▸ **How to complete this task**
Restate word for word the lines of the listing below, from its first line through the line with "C2, C65: 2.2NF; C_0402_1005Metric", without the pictures.

▸ **Excerpted data**
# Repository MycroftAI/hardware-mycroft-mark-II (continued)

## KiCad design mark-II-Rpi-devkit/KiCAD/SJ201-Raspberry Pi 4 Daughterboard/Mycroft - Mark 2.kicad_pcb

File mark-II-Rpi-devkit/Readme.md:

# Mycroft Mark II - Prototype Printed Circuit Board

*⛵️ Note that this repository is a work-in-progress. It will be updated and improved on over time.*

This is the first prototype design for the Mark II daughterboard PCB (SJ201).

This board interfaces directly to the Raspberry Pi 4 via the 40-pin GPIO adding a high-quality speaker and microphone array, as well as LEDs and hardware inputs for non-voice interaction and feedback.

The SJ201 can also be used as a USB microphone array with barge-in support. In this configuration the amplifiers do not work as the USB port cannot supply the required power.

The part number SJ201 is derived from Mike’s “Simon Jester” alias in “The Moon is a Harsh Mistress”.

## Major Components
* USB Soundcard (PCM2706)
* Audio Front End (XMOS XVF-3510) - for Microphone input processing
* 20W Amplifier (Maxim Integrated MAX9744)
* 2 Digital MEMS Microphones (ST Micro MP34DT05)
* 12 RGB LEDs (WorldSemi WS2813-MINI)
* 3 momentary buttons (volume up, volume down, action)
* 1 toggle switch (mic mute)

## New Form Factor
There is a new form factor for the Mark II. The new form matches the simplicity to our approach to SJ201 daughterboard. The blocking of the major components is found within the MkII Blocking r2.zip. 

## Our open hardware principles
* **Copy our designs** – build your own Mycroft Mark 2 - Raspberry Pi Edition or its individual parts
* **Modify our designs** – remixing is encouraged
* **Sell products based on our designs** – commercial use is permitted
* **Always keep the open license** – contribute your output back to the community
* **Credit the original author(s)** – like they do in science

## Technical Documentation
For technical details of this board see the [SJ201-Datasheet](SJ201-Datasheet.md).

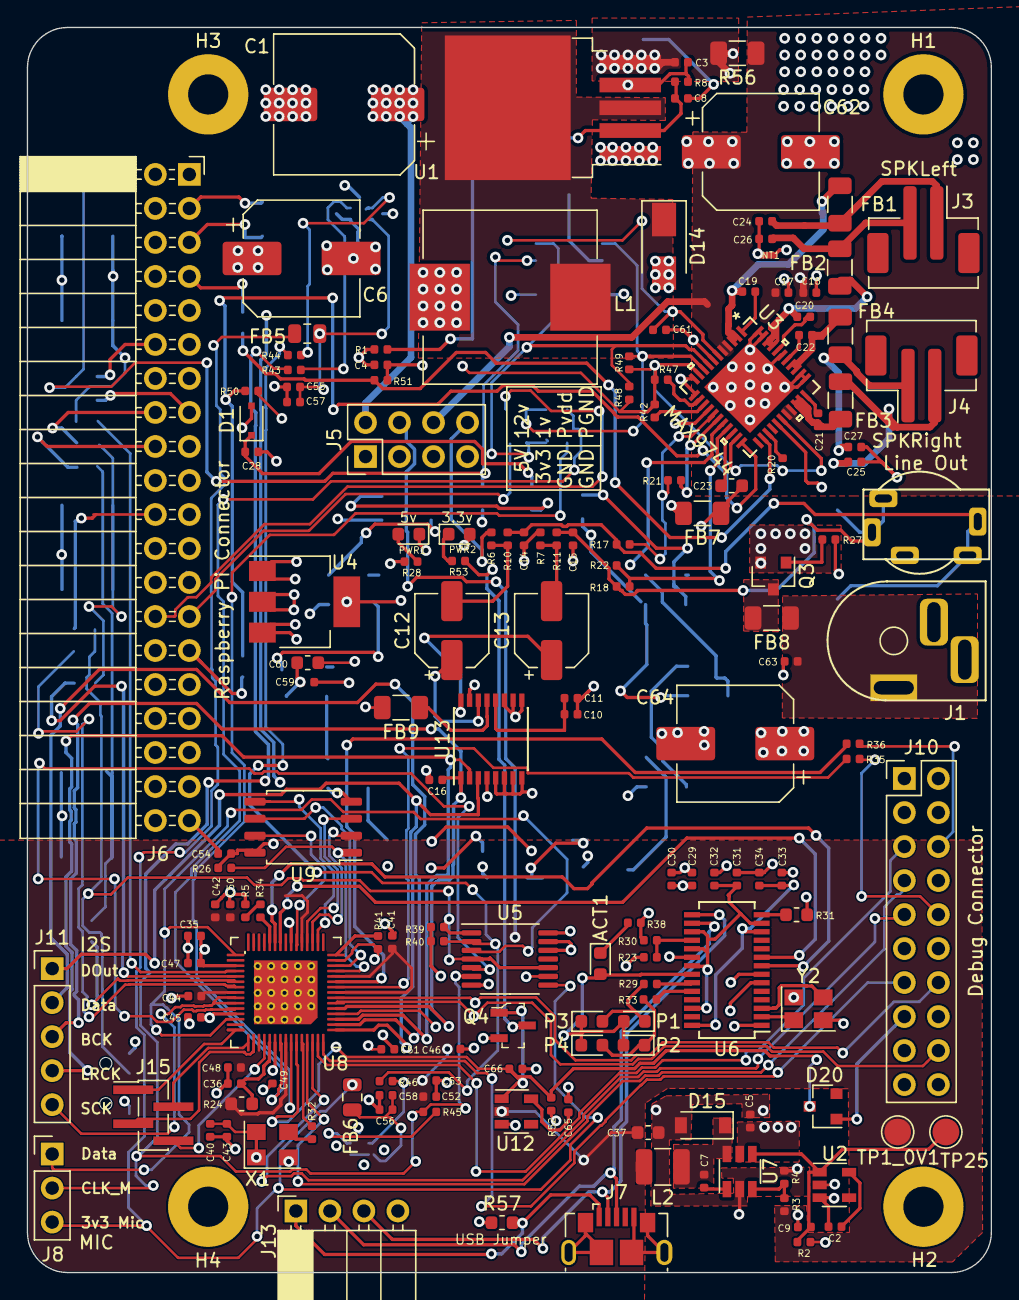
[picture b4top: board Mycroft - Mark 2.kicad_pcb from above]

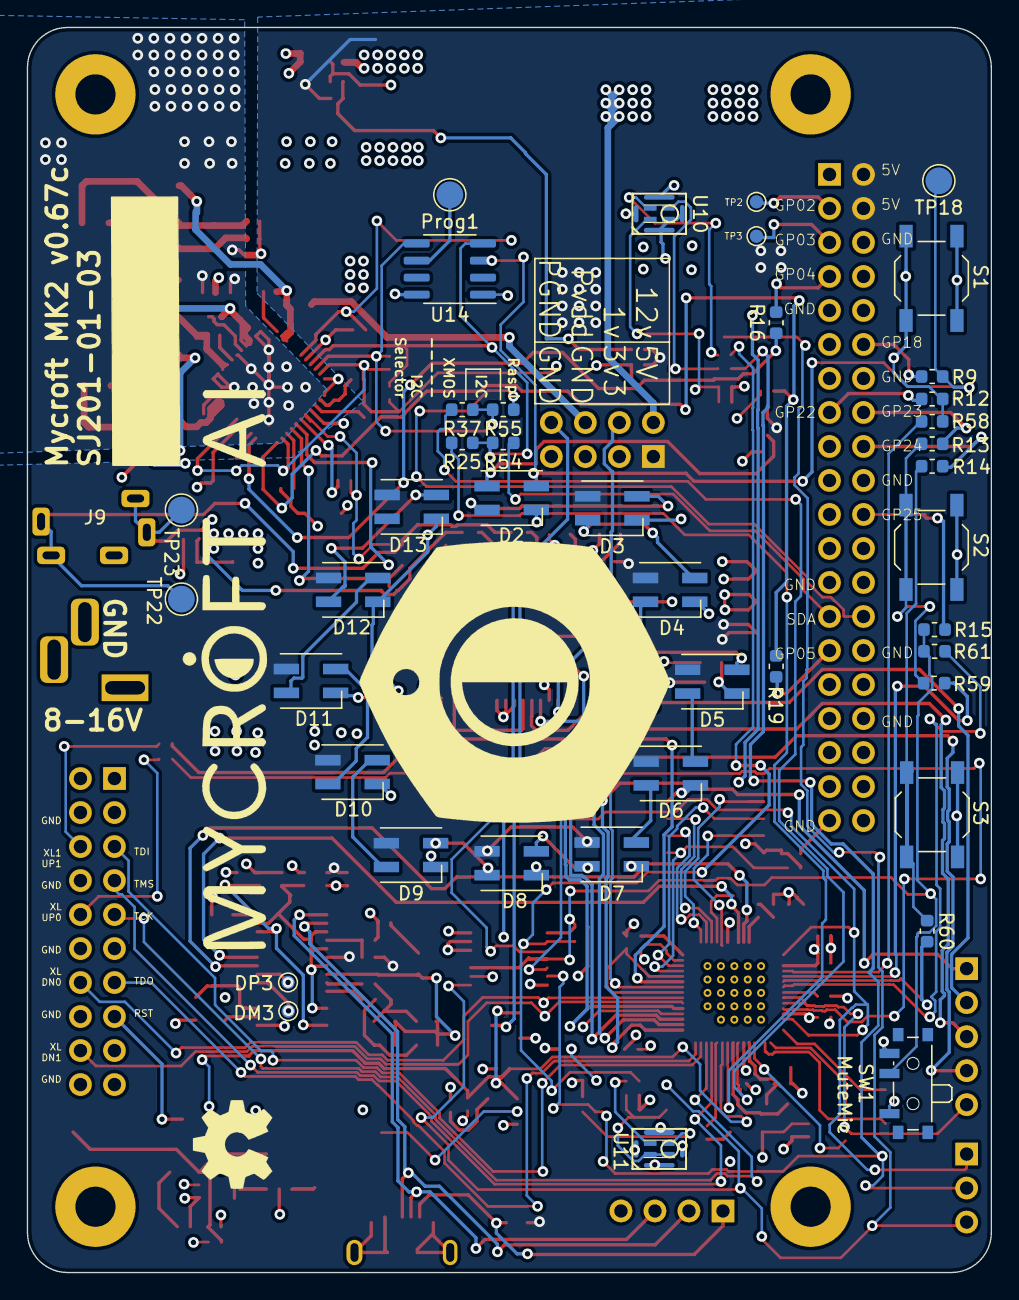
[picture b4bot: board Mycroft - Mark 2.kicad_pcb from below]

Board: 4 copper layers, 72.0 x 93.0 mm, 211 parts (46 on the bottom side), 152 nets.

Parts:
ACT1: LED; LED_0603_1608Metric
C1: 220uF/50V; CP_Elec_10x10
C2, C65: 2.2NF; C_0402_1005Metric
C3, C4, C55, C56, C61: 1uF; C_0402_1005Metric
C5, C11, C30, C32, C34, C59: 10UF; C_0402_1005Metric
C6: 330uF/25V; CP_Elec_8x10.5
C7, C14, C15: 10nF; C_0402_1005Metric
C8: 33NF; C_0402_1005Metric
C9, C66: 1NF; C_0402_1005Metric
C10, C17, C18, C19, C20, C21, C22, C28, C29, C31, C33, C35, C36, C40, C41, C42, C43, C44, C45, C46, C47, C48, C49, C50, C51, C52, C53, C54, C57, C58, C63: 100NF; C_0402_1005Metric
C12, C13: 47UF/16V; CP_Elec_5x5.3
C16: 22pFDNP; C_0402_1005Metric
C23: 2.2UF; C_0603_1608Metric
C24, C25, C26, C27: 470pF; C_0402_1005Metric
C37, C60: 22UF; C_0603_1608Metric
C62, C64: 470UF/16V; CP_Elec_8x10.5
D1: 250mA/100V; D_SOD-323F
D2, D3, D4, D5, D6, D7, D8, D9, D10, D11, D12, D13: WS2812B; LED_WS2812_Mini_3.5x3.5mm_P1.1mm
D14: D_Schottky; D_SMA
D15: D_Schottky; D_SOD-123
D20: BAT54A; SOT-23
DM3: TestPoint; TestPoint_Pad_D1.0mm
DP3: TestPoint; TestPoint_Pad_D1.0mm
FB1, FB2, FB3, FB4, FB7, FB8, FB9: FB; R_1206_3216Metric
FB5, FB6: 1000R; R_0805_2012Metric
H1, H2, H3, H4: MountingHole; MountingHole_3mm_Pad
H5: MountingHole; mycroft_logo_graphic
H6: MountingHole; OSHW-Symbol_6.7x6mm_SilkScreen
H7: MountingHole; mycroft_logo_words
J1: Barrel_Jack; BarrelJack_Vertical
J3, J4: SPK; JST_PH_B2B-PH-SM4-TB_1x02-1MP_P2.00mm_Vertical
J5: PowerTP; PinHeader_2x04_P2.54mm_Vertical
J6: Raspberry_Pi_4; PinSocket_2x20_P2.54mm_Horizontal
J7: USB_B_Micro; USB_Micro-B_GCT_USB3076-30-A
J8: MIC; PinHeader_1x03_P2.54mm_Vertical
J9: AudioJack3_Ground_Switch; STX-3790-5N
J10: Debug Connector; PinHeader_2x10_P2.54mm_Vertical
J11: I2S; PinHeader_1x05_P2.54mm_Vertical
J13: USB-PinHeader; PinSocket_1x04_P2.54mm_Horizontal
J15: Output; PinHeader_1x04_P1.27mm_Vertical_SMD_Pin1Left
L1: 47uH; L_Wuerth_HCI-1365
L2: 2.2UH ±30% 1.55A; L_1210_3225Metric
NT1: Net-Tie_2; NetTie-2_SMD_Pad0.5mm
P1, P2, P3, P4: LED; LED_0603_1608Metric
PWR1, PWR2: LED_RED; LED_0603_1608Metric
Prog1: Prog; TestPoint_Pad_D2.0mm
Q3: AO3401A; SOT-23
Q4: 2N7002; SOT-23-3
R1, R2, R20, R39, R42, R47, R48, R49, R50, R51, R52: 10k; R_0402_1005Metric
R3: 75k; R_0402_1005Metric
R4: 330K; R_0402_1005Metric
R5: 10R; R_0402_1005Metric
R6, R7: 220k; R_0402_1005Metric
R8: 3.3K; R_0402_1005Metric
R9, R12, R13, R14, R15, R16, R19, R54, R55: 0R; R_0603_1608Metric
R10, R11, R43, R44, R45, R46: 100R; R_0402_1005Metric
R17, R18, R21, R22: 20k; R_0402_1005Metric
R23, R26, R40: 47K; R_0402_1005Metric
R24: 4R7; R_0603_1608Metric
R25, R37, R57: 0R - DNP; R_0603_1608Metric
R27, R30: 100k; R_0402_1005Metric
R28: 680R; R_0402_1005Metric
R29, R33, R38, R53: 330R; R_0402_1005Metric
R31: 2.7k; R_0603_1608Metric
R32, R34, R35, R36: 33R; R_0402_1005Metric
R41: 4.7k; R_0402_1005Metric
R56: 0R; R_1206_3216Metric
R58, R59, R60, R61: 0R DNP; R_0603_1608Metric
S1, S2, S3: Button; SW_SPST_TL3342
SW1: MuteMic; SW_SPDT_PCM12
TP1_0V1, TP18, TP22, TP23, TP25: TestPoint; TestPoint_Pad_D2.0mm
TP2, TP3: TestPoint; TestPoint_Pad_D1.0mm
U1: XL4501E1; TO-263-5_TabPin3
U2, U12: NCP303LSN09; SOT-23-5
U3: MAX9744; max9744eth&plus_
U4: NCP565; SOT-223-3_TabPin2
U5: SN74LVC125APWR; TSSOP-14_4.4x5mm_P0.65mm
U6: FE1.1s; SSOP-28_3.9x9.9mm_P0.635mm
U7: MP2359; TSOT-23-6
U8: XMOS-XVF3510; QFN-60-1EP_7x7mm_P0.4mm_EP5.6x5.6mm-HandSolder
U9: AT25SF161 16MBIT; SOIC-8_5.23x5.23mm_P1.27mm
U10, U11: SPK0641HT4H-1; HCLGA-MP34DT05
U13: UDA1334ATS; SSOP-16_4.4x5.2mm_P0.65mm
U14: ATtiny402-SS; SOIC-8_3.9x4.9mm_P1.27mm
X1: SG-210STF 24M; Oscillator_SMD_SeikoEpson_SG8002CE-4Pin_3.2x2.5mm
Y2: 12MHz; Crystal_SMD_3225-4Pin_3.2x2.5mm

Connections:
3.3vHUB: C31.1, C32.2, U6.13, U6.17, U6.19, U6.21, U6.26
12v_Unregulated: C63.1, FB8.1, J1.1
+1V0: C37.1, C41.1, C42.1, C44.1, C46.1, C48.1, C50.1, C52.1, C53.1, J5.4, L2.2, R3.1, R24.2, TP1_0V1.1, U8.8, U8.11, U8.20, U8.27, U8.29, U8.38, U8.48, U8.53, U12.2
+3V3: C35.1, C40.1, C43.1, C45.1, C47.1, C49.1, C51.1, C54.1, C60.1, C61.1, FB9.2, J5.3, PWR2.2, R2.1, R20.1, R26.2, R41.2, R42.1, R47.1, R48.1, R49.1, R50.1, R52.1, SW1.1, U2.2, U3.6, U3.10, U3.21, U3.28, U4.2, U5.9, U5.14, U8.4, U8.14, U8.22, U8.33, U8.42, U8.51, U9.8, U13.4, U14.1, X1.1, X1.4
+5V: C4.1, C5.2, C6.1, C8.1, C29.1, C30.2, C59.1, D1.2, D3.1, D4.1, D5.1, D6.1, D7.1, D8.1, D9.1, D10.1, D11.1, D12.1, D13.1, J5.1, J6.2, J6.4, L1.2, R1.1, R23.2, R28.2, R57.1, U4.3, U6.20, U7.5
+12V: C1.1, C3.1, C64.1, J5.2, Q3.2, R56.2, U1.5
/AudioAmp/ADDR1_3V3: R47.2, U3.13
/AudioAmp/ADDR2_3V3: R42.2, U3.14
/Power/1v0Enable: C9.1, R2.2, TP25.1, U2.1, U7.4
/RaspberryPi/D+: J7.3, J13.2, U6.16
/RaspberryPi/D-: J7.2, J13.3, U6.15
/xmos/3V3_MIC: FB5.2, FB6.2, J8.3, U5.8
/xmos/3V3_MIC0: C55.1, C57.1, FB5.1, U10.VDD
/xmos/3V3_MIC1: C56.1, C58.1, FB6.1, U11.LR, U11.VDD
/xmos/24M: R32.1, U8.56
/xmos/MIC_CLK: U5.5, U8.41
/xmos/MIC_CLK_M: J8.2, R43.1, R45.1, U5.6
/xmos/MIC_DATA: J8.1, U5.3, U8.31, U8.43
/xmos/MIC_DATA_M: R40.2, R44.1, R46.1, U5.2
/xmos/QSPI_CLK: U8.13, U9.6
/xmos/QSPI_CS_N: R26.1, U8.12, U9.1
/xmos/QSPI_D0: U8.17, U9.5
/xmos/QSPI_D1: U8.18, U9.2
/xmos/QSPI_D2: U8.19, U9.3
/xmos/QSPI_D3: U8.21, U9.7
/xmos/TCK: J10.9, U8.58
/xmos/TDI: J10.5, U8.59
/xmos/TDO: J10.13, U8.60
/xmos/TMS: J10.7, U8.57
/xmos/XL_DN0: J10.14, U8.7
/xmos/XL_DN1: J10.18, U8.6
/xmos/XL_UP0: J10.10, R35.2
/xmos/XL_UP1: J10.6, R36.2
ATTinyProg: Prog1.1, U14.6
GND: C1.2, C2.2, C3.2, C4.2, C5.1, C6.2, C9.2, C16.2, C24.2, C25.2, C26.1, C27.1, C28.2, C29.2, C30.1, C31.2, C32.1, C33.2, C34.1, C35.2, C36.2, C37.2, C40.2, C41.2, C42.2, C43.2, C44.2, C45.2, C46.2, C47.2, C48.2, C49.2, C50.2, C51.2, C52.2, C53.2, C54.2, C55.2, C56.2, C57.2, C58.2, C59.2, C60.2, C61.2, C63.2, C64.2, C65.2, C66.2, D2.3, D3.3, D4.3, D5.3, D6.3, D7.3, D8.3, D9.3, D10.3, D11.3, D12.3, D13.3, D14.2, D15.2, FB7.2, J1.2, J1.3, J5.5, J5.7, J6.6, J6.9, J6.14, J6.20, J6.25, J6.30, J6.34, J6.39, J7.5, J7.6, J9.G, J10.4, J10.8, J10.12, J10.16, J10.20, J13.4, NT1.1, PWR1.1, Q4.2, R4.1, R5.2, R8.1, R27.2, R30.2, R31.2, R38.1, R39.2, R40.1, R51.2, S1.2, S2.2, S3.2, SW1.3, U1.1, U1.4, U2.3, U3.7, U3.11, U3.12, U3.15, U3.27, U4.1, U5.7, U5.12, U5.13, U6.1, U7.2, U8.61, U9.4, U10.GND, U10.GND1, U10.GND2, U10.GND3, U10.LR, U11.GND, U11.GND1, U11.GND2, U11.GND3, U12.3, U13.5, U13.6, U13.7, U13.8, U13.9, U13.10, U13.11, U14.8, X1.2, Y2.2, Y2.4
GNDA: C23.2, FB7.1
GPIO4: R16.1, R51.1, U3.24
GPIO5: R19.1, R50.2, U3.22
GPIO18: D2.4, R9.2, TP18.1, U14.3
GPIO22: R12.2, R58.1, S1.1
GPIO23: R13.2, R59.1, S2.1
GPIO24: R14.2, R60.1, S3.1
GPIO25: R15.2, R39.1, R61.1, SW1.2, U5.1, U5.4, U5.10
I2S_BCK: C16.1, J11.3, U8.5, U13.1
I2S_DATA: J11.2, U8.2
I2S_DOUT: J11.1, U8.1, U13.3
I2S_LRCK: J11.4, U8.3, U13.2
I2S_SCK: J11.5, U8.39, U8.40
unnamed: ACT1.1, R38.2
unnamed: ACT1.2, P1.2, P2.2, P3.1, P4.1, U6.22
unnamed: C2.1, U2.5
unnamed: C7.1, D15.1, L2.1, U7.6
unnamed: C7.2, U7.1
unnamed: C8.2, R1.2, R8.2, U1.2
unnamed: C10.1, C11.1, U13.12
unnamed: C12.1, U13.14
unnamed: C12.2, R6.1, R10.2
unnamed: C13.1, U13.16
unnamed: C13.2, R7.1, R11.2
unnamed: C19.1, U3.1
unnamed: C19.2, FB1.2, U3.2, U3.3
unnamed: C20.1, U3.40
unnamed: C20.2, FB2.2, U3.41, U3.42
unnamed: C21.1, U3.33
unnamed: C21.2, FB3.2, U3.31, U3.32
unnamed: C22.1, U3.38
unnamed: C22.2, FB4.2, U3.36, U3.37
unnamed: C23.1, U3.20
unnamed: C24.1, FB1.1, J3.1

▸ **Written answer**
# Repository MycroftAI/hardware-mycroft-mark-II (continued)

## KiCad design mark-II-Rpi-devkit/KiCAD/SJ201-Raspberry Pi 4 Daughterboard/Mycroft - Mark 2.kicad_pcb

File mark-II-Rpi-devkit/Readme.md:

# Mycroft Mark II - Prototype Printed Circuit Board

*⛵️ Note that this repository is a work-in-progress. It will be updated and improved on over time.*

This is the first prototype design for the Mark II daughterboard PCB (SJ201).

This board interfaces directly to the Raspberry Pi 4 via the 40-pin GPIO adding a high-quality speaker and microphone array, as well as LEDs and hardware inputs for non-voice interaction and feedback.

The SJ201 can also be used as a USB microphone array with barge-in support. In this configuration the amplifiers do not work as the USB port cannot supply the required power.

The part number SJ201 is derived from Mike’s “Simon Jester” alias in “The Moon is a Harsh Mistress”.

## Major Components
* USB Soundcard (PCM2706)
* Audio Front End (XMOS XVF-3510) - for Microphone input processing
* 20W Amplifier (Maxim Integrated MAX9744)
* 2 Digital MEMS Microphones (ST Micro MP34DT05)
* 12 RGB LEDs (WorldSemi WS2813-MINI)
* 3 momentary buttons (volume up, volume down, action)
* 1 toggle switch (mic mute)

## New Form Factor
There is a new form factor for the Mark II. The new form matches the simplicity to our approach to SJ201 daughterboard. The blocking of the major components is found within the MkII Blocking r2.zip. 

## Our open hardware principles
* **Copy our designs** – build your own Mycroft Mark 2 - Raspberry Pi Edition or its individual parts
* **Modify our designs** – remixing is encouraged
* **Sell products based on our designs** – commercial use is permitted
* **Always keep the open license** – contribute your output back to the community
* **Credit the original author(s)** – like they do in science

## Technical Documentation
For technical details of this board see the [SJ201-Datasheet](SJ201-Datasheet.md).

[picture b4top: board Mycroft - Mark 2.kicad_pcb from above]

[picture b4bot: board Mycroft - Mark 2.kicad_pcb from below]

Board: 4 copper layers, 72.0 x 93.0 mm, 211 parts (46 on the bottom side), 152 nets.

Parts:
ACT1: LED; LED_0603_1608Metric
C1: 220uF/50V; CP_Elec_10x10
C2, C65: 2.2NF; C_0402_1005Metric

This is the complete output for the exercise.